▶ **Supplied data**:

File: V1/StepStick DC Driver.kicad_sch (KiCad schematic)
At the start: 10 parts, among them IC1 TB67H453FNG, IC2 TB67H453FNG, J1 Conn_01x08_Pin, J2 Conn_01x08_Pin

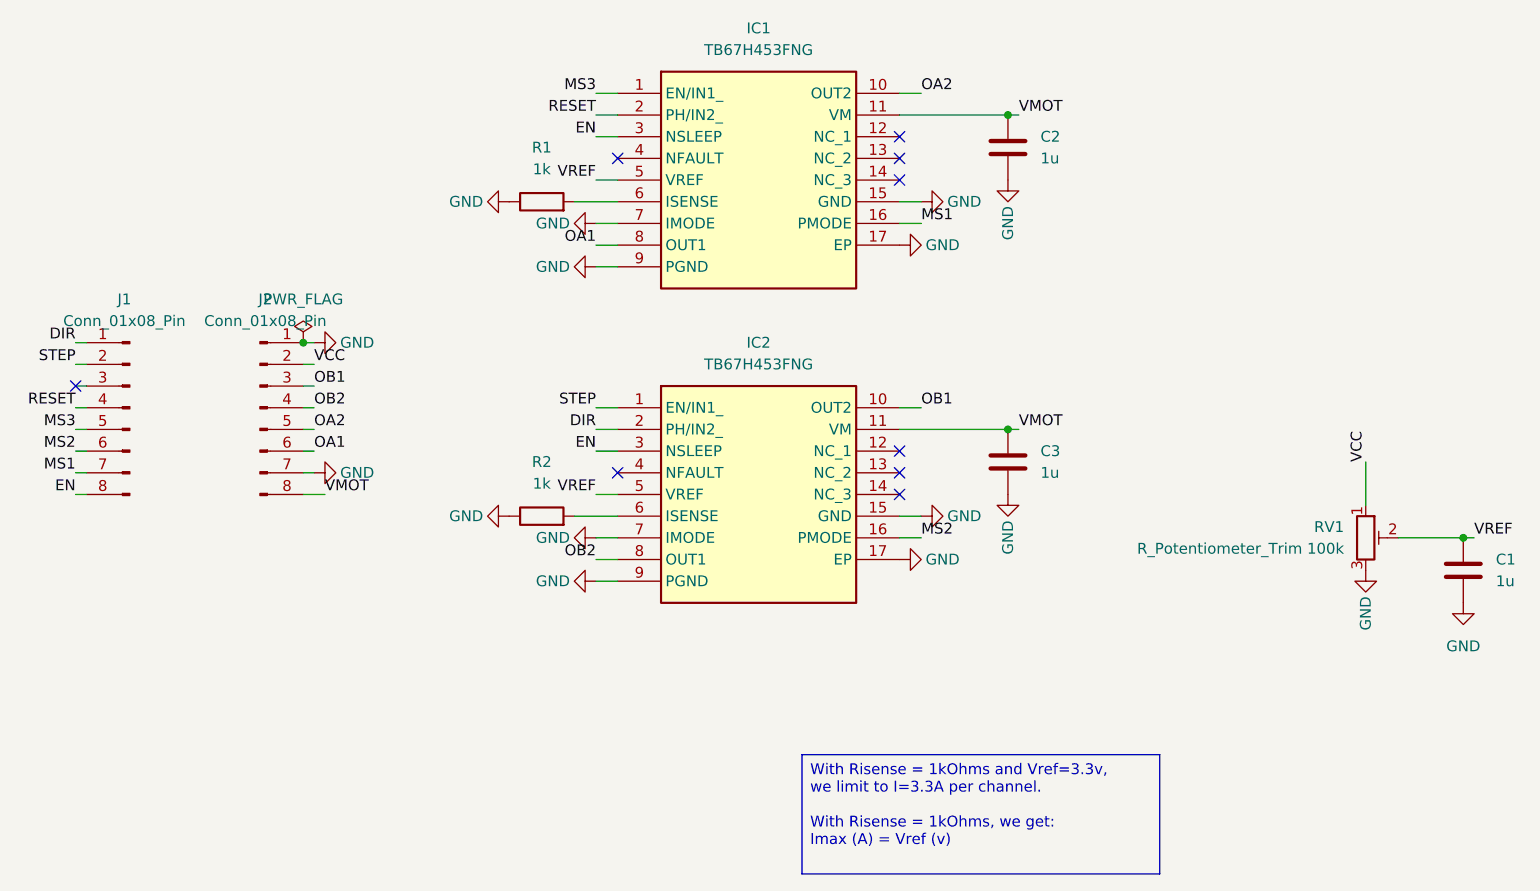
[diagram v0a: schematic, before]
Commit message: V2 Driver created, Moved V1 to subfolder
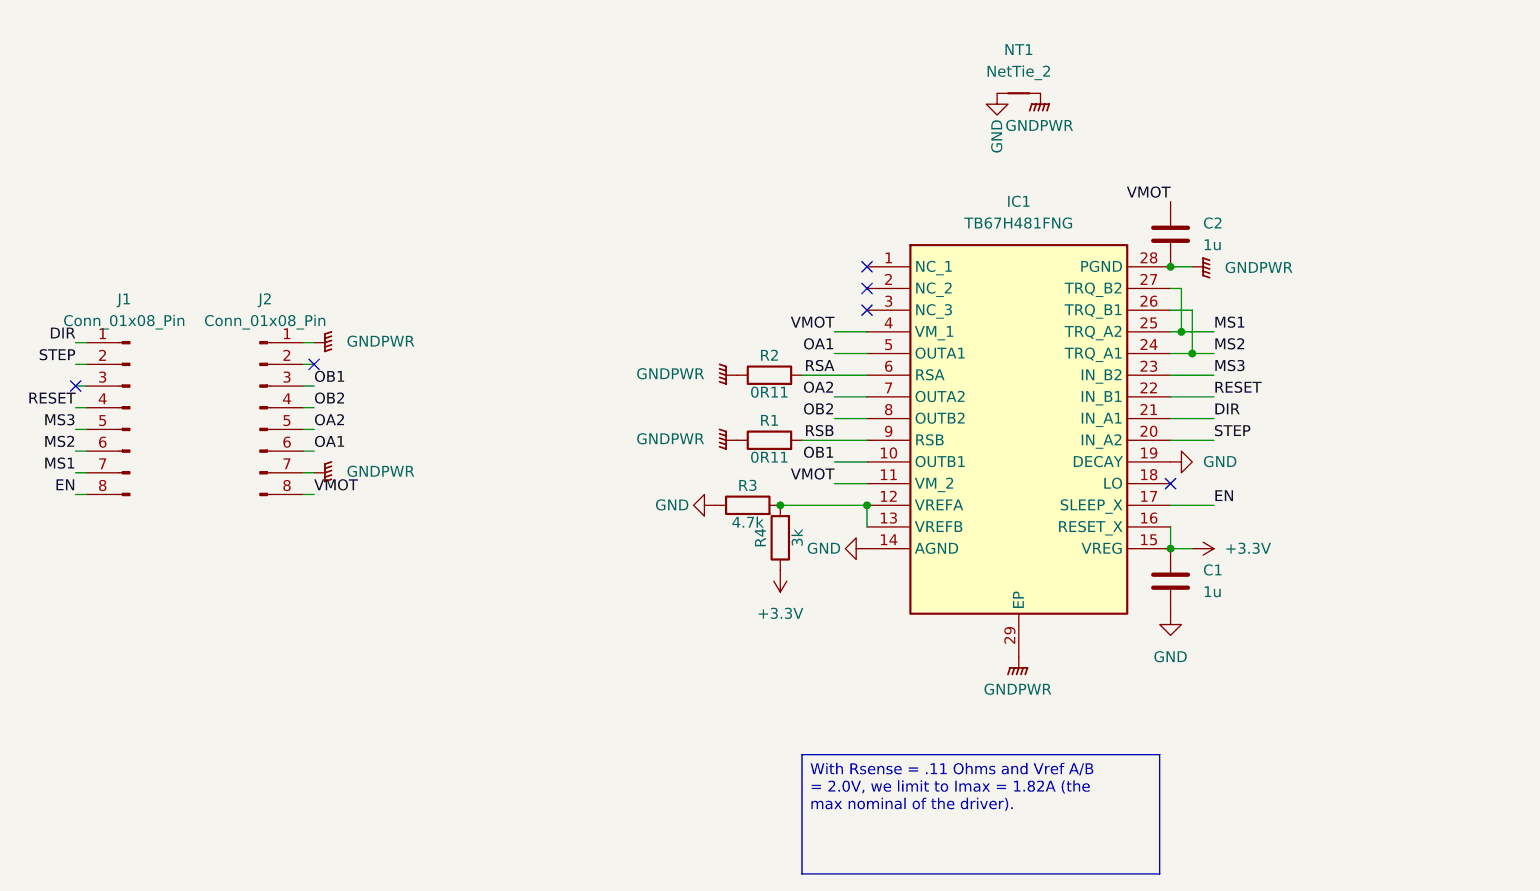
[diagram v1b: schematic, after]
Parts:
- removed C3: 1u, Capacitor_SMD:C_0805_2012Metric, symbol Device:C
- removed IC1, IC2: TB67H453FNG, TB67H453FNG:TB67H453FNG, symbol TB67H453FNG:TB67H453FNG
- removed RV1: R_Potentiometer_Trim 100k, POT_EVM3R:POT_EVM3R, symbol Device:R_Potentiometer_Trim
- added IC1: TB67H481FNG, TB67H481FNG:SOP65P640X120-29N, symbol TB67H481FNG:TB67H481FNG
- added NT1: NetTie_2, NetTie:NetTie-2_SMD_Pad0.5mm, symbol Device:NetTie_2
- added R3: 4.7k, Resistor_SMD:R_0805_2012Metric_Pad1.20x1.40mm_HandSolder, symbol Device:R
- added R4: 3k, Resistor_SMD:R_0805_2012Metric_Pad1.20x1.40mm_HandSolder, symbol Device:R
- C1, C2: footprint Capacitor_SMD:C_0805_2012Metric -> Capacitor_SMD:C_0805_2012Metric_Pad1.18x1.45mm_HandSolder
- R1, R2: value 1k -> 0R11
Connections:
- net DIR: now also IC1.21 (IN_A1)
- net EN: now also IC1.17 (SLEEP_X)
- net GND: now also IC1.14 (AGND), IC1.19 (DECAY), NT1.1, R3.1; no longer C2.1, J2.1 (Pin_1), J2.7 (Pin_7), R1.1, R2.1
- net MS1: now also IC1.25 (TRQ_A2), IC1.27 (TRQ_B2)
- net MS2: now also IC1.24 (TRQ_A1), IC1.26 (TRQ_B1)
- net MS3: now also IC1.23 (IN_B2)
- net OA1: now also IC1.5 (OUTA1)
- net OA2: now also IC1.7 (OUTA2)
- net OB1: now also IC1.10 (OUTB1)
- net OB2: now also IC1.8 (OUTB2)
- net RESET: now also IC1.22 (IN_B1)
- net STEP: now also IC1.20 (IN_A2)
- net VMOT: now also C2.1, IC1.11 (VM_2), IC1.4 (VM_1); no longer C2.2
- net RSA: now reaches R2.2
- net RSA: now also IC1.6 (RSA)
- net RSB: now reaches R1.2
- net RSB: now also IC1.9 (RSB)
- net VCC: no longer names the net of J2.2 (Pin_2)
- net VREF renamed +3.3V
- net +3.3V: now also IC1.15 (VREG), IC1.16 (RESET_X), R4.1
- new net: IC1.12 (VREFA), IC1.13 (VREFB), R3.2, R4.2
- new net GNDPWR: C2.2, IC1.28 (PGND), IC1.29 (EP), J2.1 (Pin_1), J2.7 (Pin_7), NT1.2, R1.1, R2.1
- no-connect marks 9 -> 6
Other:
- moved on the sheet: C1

▶ **What you have to do**:
Could the entries above be retyped exactly, with the pictures left out?

▶ **Completed task**:
File: V1/StepStick DC Driver.kicad_sch (KiCad schematic)
At the start: 10 parts, among them IC1 TB67H453FNG, IC2 TB67H453FNG, J1 Conn_01x08_Pin, J2 Conn_01x08_Pin

[diagram v0a: schematic, before]
Commit message: V2 Driver created, Moved V1 to subfolder
[diagram v1b: schematic, after]
Parts:
- removed C3: 1u, Capacitor_SMD:C_0805_2012Metric, symbol Device:C
- removed IC1, IC2: TB67H453FNG, TB67H453FNG:TB67H453FNG, symbol TB67H453FNG:TB67H453FNG
- removed RV1: R_Potentiometer_Trim 100k, POT_EVM3R:POT_EVM3R, symbol Device:R_Potentiometer_Trim
- added IC1: TB67H481FNG, TB67H481FNG:SOP65P640X120-29N, symbol TB67H481FNG:TB67H481FNG
- added NT1: NetTie_2, NetTie:NetTie-2_SMD_Pad0.5mm, symbol Device:NetTie_2
- added R3: 4.7k, Resistor_SMD:R_0805_2012Metric_Pad1.20x1.40mm_HandSolder, symbol Device:R
- added R4: 3k, Resistor_SMD:R_0805_2012Metric_Pad1.20x1.40mm_HandSolder, symbol Device:R
- C1, C2: footprint Capacitor_SMD:C_0805_2012Metric -> Capacitor_SMD:C_0805_2012Metric_Pad1.18x1.45mm_HandSolder
- R1, R2: value 1k -> 0R11
Connections:
- net DIR: now also IC1.21 (IN_A1)
- net EN: now also IC1.17 (SLEEP_X)
- net GND: now also IC1.14 (AGND), IC1.19 (DECAY), NT1.1, R3.1; no longer C2.1, J2.1 (Pin_1), J2.7 (Pin_7), R1.1, R2.1
- net MS1: now also IC1.25 (TRQ_A2), IC1.27 (TRQ_B2)
- net MS2: now also IC1.24 (TRQ_A1), IC1.26 (TRQ_B1)
- net MS3: now also IC1.23 (IN_B2)
- net OA1: now also IC1.5 (OUTA1)
- net OA2: now also IC1.7 (OUTA2)
- net OB1: now also IC1.10 (OUTB1)
- net OB2: now also IC1.8 (OUTB2)
- net RESET: now also IC1.22 (IN_B1)
- net STEP: now also IC1.20 (IN_A2)
- net VMOT: now also C2.1, IC1.11 (VM_2), IC1.4 (VM_1); no longer C2.2
- net RSA: now reaches R2.2
- net RSA: now also IC1.6 (RSA)
- net RSB: now reaches R1.2
- net RSB: now also IC1.9 (RSB)
- net VCC: no longer names the net of J2.2 (Pin_2)
- net VREF renamed +3.3V
- net +3.3V: now also IC1.15 (VREG), IC1.16 (RESET_X), R4.1
- new net: IC1.12 (VREFA), IC1.13 (VREFB), R3.2, R4.2
- new net GNDPWR: C2.2, IC1.28 (PGND), IC1.29 (EP), J2.1 (Pin_1), J2.7 (Pin_7), NT1.2, R1.1, R2.1
- no-connect marks 9 -> 6
Other:
- moved on the sheet: C1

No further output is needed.